Note that each of these comparisons returns either TRUE or FALSE. Let’s see what happens when we apply the same thing to all observations of a variable.

introtoR$healthins==1 #this tests to see if each of the values of the variable for healthins is equal to 1

## [1] TRUE TRUE TRUE TRUE TRUE TRUE TRUE TRUE TRUE TRUE TRUE ## [12] TRUE TRUE TRUE TRUE FALSE FALSE FALSE FALSE FALSE FALSE FALSE ## [23] FALSE FALSE FALSE FALSE FALSE FALSE FALSE FALSE

Subsetting

Alright we are almost ready to calculate the average difference. Now we know how we can figure out who does and does not have health insurance, but how do we separate them out? One way to go about this would be to examine the output of the last line of code to see which rows have healthins==1 then extract those rows as we have done before. That’s actually not too difficult with this small dataset, but imaging trying that with a dataset containing thousands of rows! There is an easier way to do this using the subset function. I’ll demostrate the subset function directly with the code we need. Then we are all ready to take our average difference in the health index.

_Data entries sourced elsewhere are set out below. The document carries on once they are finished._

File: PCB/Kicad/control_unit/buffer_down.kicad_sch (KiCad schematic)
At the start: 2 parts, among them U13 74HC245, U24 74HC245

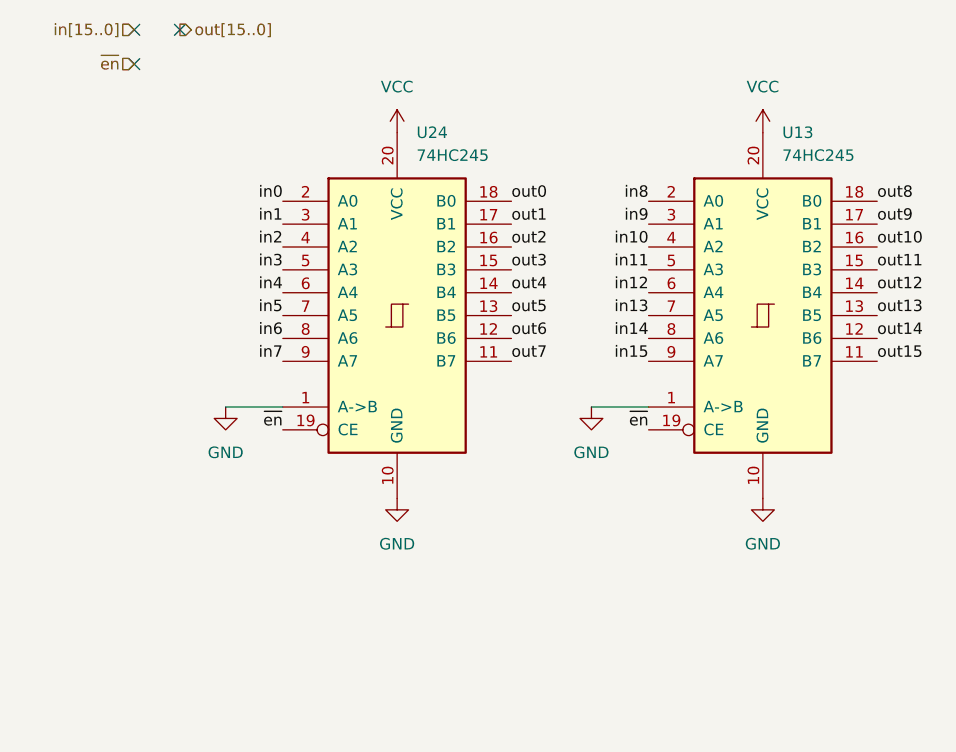
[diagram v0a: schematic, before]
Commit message: control unit schematic
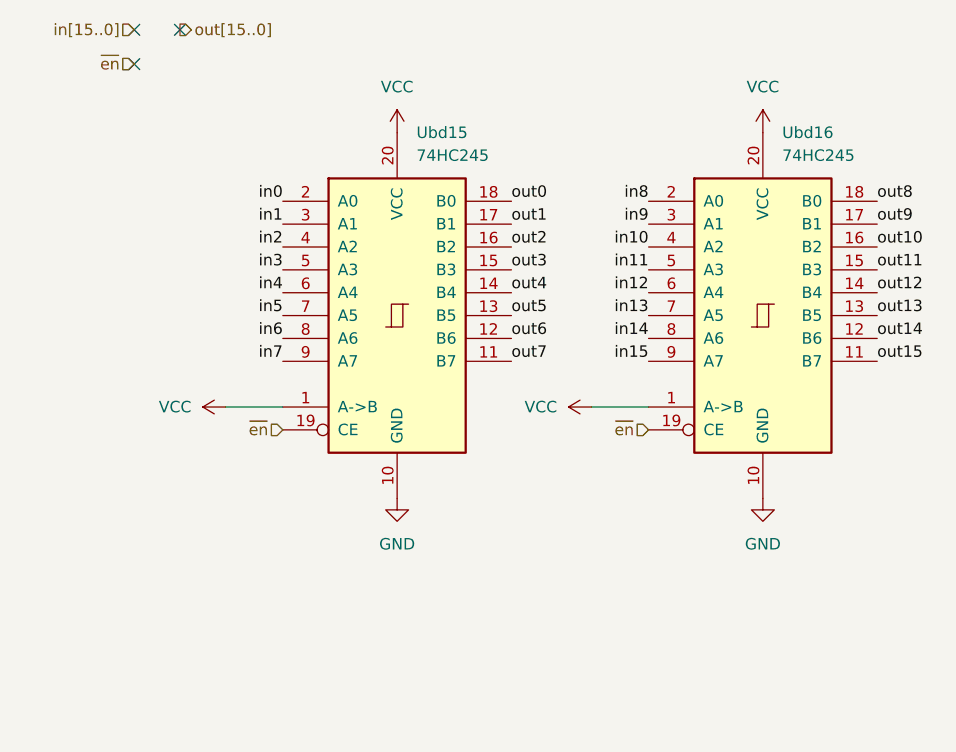
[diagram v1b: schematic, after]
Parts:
- removed U13: 74HC245, symbol 74xx:74HC245
- added Ubd16: 74HC245, Package_SO:SOIC-20W_7.5x12.8mm_P1.27mm, symbol 74xx:74HC245
- Ubd15: renamed from U24; footprint (none) -> Package_SO:SOIC-20W_7.5x12.8mm_P1.27mm
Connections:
- net GND: now also Ubd16.10 (GND); no longer Ubd15.1 (A->B)
- net VCC: now also Ubd15.1 (A->B), Ubd16.1 (A->B), Ubd16.20 (VCC)
- net in10: now also Ubd16.4 (A2)
- net in11: now also Ubd16.5 (A3)
- net in12: now also Ubd16.6 (A4)
- net in13: now also Ubd16.7 (A5)
- net in14: now also Ubd16.8 (A6)
- net in15: now also Ubd16.9 (A7)
- net in8: now also Ubd16.2 (A0)
- net in9: now also Ubd16.3 (A1)
- net out10: now also Ubd16.16 (B2)
- net out11: now also Ubd16.15 (B3)
- net out12: now also Ubd16.14 (B4)
- net out13: now also Ubd16.13 (B5)
- net out14: now also Ubd16.12 (B6)
- net out15: now also Ubd16.11 (B7)
- net out8: now also Ubd16.18 (B0)
- net out9: now also Ubd16.17 (B1)
- net ~{en}: now also Ubd16.19 (CE)
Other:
- company: (none) -> AGH Logic Unit
- title: (none) -> Buffer Top->Down

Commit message: control unit update
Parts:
- added Cbd2, Cbd28: 100nF, Capacitor_SMD:C_0402_1005Metric, symbol Device:C
- Ubd15, Ubd16: value 74HC245 -> 74245; footprint Package_SO:SOIC-20W_7.5x12.8mm_P1.27mm -> Package_SO:TSSOP-20_4.4x6.5mm_P0.65mm
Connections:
- net GND: now also Cbd2.2, Cbd28.2
- net VCC: now also Cbd2.1, Cbd28.1

treat<-subset(introtoR, healthins==1) #We are subsetting the dataset to only include individuals with health insurance (treatment group) here. Note that here we put two inputs into the function: the dataset we are subsetting from and the conditional statement that specifies the rows we want control<-subset(introtoR, healthins==0) #Control group. Could have also used the condition "healthins!=1". mean(treat$health)-mean(control$health) #calculate the average health index for treatment and control groups and take the difference.

## [1] 4.266667

summary(treat) #look at the sample averages of treatment and control groups to check for balance.

## health healthins female age ## Min. : 5.0 Min. :1 Min. :0.0000 Min. :19.00 ## 1st Qu.: 6.5 1st Qu.:1 1st Qu.:0.0000 1st Qu.:21.00 ## Median : 8.0 Median :1 Median :1.0000 Median :24.00 ## Mean : 7.8 Mean :1 Mean :0.6667 Mean :24.67 ## 3rd Qu.: 9.5 3rd Qu.:1 3rd Qu.:1.0000 3rd Qu.:27.50 ## Max. :10.0 Max. :1 Max. :1.0000 Max. :35.00 ## famheart ## Min. :0.0000 ## 1st Qu.:0.0000 ## Median :0.0000 ## Mean :0.3333 ## 3rd Qu.:1.0000 ## Max. :1.0000

summary(control) #look at the sample averages of treatment and control groups to check for balance.

## health healthins female age ## Min. :1.000 Min. :0 Min. :0.0000 Min. :29.00 ## 1st Qu.:2.000 1st Qu.:0 1st Qu.:0.0000 1st Qu.:32.00 ## Median :3.000 Median :0 Median :0.0000 Median :39.00 ## Mean :3.533 Mean :0 Mean :0.3333 Mean :39.93 ## 3rd Qu.:5.000 3rd Qu.:0 3rd Qu.:1.0000 3rd Qu.:45.50 ## Max. :9.000 Max. :0 Max. :1.0000 Max. :59.00 ## famheart ## Min. :0.0 ## 1st Qu.:0.0 ## Median :1.0 ## Mean :0.6 ## 3rd Qu.:1.0 ## Max. :1.0

Note the large average difference we find. I took the liberty of using the summary function on the two subsets to check for balance. It is pretty easy to see that all else is not truly equal here.